> **TASK DESCRIPTION**
Each line of the entries below that holds "lineweight" is needed, copied in full.

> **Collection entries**

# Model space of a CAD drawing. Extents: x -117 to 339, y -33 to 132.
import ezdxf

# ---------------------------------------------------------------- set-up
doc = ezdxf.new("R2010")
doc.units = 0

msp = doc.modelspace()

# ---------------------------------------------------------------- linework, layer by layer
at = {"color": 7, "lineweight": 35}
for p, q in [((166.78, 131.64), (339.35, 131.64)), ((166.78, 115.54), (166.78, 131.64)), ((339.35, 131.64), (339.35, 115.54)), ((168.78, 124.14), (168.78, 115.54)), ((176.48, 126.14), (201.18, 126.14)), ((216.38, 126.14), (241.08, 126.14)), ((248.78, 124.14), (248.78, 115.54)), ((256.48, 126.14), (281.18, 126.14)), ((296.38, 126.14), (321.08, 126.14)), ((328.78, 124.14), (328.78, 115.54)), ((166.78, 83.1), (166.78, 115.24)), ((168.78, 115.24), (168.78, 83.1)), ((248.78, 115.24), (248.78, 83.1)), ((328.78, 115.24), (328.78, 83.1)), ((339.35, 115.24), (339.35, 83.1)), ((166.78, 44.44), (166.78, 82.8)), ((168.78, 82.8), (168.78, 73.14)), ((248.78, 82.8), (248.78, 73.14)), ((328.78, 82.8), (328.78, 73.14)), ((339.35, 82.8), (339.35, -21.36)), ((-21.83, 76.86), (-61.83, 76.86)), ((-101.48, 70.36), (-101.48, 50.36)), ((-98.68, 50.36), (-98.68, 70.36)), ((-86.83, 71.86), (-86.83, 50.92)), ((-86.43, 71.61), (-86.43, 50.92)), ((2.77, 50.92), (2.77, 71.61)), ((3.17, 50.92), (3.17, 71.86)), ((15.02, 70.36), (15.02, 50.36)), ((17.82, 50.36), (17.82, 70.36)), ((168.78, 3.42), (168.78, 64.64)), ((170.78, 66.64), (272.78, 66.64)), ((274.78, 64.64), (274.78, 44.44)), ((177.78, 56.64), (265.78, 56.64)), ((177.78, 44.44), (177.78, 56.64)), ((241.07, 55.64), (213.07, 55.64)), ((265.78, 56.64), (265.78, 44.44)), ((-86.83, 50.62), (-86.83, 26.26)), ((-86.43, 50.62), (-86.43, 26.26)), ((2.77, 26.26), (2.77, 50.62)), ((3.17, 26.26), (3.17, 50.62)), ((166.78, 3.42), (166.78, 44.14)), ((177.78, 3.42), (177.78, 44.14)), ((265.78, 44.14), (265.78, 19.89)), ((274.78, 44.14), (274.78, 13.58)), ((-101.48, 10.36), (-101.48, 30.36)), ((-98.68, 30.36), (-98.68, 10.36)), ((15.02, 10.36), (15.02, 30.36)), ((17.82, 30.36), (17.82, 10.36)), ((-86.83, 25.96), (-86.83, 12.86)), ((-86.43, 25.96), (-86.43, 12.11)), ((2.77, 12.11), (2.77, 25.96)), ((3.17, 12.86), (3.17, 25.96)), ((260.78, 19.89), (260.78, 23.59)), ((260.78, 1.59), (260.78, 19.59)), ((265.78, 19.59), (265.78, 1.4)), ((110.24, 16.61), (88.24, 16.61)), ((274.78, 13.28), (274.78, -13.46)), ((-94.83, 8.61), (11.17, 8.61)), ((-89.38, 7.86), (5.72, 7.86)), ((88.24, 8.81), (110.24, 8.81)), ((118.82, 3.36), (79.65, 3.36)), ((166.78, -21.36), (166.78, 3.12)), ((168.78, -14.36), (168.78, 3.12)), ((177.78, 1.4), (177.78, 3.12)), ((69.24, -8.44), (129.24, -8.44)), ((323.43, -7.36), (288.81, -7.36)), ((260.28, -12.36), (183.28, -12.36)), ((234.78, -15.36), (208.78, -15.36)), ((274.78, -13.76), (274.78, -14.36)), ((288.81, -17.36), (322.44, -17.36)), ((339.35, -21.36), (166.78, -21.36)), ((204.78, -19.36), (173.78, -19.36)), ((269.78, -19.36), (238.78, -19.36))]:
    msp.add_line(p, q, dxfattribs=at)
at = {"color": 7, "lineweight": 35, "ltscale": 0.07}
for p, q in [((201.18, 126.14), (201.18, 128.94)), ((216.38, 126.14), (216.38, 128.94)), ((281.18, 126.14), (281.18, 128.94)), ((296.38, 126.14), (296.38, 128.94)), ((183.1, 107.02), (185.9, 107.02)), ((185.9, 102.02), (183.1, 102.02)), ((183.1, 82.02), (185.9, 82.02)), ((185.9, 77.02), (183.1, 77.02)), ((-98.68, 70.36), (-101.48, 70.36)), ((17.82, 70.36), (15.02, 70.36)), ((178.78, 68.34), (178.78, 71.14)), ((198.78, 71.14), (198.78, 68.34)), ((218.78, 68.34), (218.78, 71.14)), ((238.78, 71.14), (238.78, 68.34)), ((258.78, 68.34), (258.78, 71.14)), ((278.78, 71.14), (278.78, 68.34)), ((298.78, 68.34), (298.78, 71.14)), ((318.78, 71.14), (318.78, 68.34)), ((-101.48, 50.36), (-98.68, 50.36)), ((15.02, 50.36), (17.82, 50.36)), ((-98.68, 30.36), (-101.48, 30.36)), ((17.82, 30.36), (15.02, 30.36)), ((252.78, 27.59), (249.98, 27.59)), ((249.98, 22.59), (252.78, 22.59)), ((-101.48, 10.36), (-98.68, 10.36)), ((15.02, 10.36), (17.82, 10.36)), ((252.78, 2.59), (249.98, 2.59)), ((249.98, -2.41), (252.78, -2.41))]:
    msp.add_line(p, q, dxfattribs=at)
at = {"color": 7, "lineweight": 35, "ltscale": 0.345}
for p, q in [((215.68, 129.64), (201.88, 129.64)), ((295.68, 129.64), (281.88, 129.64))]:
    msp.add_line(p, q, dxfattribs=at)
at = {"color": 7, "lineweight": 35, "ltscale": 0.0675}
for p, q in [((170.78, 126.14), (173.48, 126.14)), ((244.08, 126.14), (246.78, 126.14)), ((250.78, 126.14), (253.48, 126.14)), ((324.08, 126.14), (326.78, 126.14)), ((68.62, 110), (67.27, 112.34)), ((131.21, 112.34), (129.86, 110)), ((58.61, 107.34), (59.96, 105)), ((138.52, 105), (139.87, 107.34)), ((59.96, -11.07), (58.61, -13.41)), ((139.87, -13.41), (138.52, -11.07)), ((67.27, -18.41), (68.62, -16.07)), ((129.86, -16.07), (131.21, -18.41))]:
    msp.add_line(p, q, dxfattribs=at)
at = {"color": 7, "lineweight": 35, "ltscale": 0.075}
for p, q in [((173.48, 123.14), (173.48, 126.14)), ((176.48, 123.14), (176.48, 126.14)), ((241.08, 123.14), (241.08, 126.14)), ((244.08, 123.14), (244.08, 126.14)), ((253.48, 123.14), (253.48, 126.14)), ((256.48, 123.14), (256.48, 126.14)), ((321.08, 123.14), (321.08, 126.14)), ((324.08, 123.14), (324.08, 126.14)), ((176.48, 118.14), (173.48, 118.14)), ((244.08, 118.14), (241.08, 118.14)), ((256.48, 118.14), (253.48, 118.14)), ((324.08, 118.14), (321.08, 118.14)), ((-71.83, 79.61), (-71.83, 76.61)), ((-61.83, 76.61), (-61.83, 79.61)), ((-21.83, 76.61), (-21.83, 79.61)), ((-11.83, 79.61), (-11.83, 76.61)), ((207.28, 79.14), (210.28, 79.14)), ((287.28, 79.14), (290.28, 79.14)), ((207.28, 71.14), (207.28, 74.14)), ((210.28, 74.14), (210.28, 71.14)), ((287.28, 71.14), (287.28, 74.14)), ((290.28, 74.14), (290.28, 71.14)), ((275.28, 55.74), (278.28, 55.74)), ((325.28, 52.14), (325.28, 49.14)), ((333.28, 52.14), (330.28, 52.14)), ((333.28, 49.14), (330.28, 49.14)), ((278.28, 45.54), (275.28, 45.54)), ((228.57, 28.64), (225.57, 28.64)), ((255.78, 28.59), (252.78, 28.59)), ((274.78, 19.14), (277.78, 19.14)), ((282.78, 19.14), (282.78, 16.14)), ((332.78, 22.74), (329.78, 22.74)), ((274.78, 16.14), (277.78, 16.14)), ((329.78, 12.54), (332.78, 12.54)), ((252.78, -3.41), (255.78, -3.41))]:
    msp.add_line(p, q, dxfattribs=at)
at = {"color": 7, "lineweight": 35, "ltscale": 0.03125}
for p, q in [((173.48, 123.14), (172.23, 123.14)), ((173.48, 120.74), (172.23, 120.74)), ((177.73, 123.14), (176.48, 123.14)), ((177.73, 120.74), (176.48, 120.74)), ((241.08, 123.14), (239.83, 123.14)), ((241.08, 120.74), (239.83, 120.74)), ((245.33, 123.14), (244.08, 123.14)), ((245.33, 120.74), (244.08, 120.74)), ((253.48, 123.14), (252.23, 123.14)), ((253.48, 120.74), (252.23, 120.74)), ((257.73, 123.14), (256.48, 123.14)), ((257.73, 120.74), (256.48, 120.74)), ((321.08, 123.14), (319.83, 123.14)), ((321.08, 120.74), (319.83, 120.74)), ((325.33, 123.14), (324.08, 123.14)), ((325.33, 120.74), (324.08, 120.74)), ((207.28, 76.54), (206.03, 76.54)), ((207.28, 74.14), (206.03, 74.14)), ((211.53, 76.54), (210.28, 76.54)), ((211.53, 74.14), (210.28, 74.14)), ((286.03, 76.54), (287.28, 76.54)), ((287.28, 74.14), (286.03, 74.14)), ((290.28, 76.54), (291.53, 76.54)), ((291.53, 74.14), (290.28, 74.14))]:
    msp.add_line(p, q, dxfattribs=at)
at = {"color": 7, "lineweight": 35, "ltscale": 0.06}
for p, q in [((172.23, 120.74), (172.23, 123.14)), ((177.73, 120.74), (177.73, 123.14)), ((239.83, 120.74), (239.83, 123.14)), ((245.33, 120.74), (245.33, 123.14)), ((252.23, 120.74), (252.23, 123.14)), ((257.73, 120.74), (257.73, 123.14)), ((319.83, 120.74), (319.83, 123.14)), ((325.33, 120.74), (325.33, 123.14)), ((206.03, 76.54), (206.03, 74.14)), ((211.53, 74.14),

> **EXERCISE SOLUTION**
at = {"color": 7, "lineweight": 35}
at = {"color": 7, "lineweight": 35, "ltscale": 0.07}
at = {"color": 7, "lineweight": 35, "ltscale": 0.345}
at = {"color": 7, "lineweight": 35, "ltscale": 0.0675}
at = {"color": 7, "lineweight": 35, "ltscale": 0.075}
at = {"color": 7, "lineweight": 35, "ltscale": 0.03125}
at = {"color": 7, "lineweight": 35, "ltscale": 0.06}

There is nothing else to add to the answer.